To get a little closer (but not too close!), consider going on a group whale watching excursion. A quick Google search will reveal dozens of tour operators, but my recommendation is to book with PacWhale Eco-Adventures. Their sole shareholder is the Pacific Whale Foundation, and all profits from the excursions support the foundation’s research, education, and conservation programs.

In addition to their award-winning whale watch, they offer other ocean eco-tours, including snorkel trips, sunset dinner and cocktail cruises, and stargazing excursions.

We booked a half-day excursion, and I was impressed with the outstanding organization of their tour and the staff’s deep knowledge and clear commitment to protecting the ocean and its animals. We even “adoped” a whale named Eagle after our tour!

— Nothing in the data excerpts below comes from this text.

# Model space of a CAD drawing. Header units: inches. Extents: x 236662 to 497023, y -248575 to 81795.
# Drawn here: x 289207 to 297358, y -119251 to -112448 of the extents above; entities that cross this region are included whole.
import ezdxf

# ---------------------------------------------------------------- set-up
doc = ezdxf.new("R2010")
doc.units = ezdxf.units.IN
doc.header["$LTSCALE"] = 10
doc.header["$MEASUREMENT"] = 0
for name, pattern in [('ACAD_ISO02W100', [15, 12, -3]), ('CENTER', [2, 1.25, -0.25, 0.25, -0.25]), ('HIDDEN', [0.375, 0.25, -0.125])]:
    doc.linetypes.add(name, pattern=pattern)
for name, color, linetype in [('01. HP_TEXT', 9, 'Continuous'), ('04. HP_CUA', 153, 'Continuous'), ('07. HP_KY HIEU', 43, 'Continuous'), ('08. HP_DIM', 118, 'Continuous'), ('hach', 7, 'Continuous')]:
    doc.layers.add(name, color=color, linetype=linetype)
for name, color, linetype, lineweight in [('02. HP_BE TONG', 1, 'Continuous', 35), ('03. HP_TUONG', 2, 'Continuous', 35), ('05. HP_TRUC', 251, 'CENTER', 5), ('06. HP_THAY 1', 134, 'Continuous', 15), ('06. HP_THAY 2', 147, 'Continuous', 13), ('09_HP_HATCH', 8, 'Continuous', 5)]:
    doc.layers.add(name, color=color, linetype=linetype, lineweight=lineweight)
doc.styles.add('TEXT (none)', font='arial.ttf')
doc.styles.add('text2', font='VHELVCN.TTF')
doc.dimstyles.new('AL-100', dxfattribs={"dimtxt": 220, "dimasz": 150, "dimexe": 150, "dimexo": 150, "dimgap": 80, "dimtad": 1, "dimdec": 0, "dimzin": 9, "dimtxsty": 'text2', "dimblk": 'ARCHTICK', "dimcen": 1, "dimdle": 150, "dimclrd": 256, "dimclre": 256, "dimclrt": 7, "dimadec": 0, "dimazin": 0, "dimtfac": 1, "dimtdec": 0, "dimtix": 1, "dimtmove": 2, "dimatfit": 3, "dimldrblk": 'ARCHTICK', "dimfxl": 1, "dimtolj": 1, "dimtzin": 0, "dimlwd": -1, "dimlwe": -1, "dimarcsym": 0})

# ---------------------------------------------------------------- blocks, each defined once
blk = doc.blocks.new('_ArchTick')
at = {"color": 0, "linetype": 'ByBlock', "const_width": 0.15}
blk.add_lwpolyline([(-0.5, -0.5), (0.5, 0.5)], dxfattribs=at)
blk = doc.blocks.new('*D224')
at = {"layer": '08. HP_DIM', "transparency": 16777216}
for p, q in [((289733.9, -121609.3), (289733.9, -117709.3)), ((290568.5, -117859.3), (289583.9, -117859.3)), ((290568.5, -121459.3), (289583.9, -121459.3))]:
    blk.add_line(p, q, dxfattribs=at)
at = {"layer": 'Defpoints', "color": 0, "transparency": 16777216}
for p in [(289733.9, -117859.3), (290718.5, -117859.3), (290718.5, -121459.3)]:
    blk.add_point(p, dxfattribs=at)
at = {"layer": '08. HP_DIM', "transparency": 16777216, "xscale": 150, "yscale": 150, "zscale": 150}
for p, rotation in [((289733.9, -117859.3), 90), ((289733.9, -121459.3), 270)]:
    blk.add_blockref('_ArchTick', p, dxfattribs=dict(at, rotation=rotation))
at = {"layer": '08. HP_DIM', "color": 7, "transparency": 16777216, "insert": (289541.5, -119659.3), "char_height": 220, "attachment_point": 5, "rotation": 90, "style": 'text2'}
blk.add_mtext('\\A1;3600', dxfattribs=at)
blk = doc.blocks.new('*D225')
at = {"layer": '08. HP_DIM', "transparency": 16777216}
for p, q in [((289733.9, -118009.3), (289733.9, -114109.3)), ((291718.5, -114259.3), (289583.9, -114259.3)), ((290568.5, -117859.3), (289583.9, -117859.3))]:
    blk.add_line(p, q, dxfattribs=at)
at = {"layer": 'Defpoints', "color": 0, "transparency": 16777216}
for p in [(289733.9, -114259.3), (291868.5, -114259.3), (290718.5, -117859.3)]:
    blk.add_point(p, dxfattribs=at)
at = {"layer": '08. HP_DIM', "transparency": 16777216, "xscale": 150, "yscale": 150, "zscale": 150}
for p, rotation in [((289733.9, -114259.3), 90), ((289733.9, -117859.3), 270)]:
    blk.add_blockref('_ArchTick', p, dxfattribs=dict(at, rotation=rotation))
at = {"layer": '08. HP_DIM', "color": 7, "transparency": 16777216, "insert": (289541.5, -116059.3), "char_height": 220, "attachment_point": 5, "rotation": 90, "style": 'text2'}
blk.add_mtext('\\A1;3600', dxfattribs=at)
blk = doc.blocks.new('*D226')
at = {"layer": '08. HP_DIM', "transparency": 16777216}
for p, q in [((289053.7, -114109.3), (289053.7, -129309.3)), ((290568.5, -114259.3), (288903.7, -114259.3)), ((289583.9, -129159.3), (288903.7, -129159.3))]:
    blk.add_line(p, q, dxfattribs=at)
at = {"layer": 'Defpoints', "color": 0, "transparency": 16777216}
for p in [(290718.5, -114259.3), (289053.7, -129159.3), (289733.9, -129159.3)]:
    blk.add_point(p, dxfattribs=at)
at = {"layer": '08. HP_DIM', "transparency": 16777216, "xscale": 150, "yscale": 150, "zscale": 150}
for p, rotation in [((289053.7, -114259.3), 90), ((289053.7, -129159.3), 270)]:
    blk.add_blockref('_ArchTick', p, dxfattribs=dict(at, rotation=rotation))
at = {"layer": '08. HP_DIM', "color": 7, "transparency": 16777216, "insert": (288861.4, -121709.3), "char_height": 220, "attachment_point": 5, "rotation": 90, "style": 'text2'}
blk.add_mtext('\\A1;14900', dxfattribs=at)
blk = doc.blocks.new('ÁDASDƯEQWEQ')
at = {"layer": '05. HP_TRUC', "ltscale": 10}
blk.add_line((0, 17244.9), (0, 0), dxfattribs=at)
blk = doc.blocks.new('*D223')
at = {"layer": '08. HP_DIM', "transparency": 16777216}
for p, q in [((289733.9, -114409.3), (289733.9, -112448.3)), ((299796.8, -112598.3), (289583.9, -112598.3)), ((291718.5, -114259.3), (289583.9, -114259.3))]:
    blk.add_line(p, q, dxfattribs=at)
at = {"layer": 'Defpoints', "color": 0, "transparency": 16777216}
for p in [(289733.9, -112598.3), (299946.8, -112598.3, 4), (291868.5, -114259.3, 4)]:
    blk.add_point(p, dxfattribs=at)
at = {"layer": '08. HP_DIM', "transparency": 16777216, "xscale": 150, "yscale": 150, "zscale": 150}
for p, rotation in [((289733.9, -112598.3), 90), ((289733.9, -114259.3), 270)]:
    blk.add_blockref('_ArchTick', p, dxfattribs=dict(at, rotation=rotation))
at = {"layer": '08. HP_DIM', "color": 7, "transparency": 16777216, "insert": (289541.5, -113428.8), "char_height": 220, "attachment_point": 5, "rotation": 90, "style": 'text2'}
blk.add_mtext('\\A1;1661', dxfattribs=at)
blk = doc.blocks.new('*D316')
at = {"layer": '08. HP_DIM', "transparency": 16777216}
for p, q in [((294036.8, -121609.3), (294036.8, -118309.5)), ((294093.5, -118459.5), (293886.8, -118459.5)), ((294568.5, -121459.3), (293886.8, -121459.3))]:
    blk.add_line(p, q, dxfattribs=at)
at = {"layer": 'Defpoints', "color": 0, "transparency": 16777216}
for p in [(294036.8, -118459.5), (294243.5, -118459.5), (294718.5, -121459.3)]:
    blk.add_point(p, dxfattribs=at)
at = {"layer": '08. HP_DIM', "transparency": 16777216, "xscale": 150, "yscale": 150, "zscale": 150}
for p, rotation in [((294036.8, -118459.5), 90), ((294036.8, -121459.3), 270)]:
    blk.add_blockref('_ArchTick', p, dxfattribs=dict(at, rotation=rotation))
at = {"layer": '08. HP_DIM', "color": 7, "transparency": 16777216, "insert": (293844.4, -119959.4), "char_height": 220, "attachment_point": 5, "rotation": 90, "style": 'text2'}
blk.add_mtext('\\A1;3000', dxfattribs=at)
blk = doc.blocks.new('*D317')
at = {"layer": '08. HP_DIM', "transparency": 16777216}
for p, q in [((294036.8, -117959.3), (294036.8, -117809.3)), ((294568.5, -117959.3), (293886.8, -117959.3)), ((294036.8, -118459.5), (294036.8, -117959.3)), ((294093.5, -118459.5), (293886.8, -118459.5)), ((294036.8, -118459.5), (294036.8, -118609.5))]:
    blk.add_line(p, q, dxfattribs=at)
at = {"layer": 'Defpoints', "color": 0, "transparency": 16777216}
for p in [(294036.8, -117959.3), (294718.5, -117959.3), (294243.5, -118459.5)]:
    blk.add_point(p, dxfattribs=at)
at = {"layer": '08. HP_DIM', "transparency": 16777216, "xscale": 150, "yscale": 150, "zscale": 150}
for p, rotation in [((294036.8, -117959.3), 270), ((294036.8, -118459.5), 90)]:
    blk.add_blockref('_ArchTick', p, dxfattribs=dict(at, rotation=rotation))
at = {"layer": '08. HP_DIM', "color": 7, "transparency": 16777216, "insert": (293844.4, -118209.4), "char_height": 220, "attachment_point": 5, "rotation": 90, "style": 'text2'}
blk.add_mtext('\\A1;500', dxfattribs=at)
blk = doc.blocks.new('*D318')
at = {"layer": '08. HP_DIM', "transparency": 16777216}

Helpful Tips for Visiting Maui

Carry reef-safe sunscreen. The State of Hawaii is committed to preserving its natural environment, and that includes the fragile reef system in the surrounding waters. You’ll see signs about this at virtually every beach, and if you go on a boat excursion with the Pacific Whale Foundation, they do not allow use of any non-reef safe or aerosol sunscreens. Avoid any products with oxybenzone or octinoxate. Instead, choose zinc-based products and cover up with a hat and other clothing to protect your skin.

Remember your National Park Pass. If you plan to visit Haleakala National Park – which includes both the summit of the volcano and the Pipiwai Trail/Pools of Ohe’o – you can enter with your National Park Pass, if you have one.

Bring warm clothes and a flashlight for sunrise at Haleakala. If you plan to watch sunrise on the summit of Haleakala, know that it gets cold – in the 40’s Fahrenheit and even lower! A lightweight, easy-to-pack puffer jacket, hat, and light gloves are perfect. A small flashlight is helpful too because it’s pitch black when you arrive at the summit.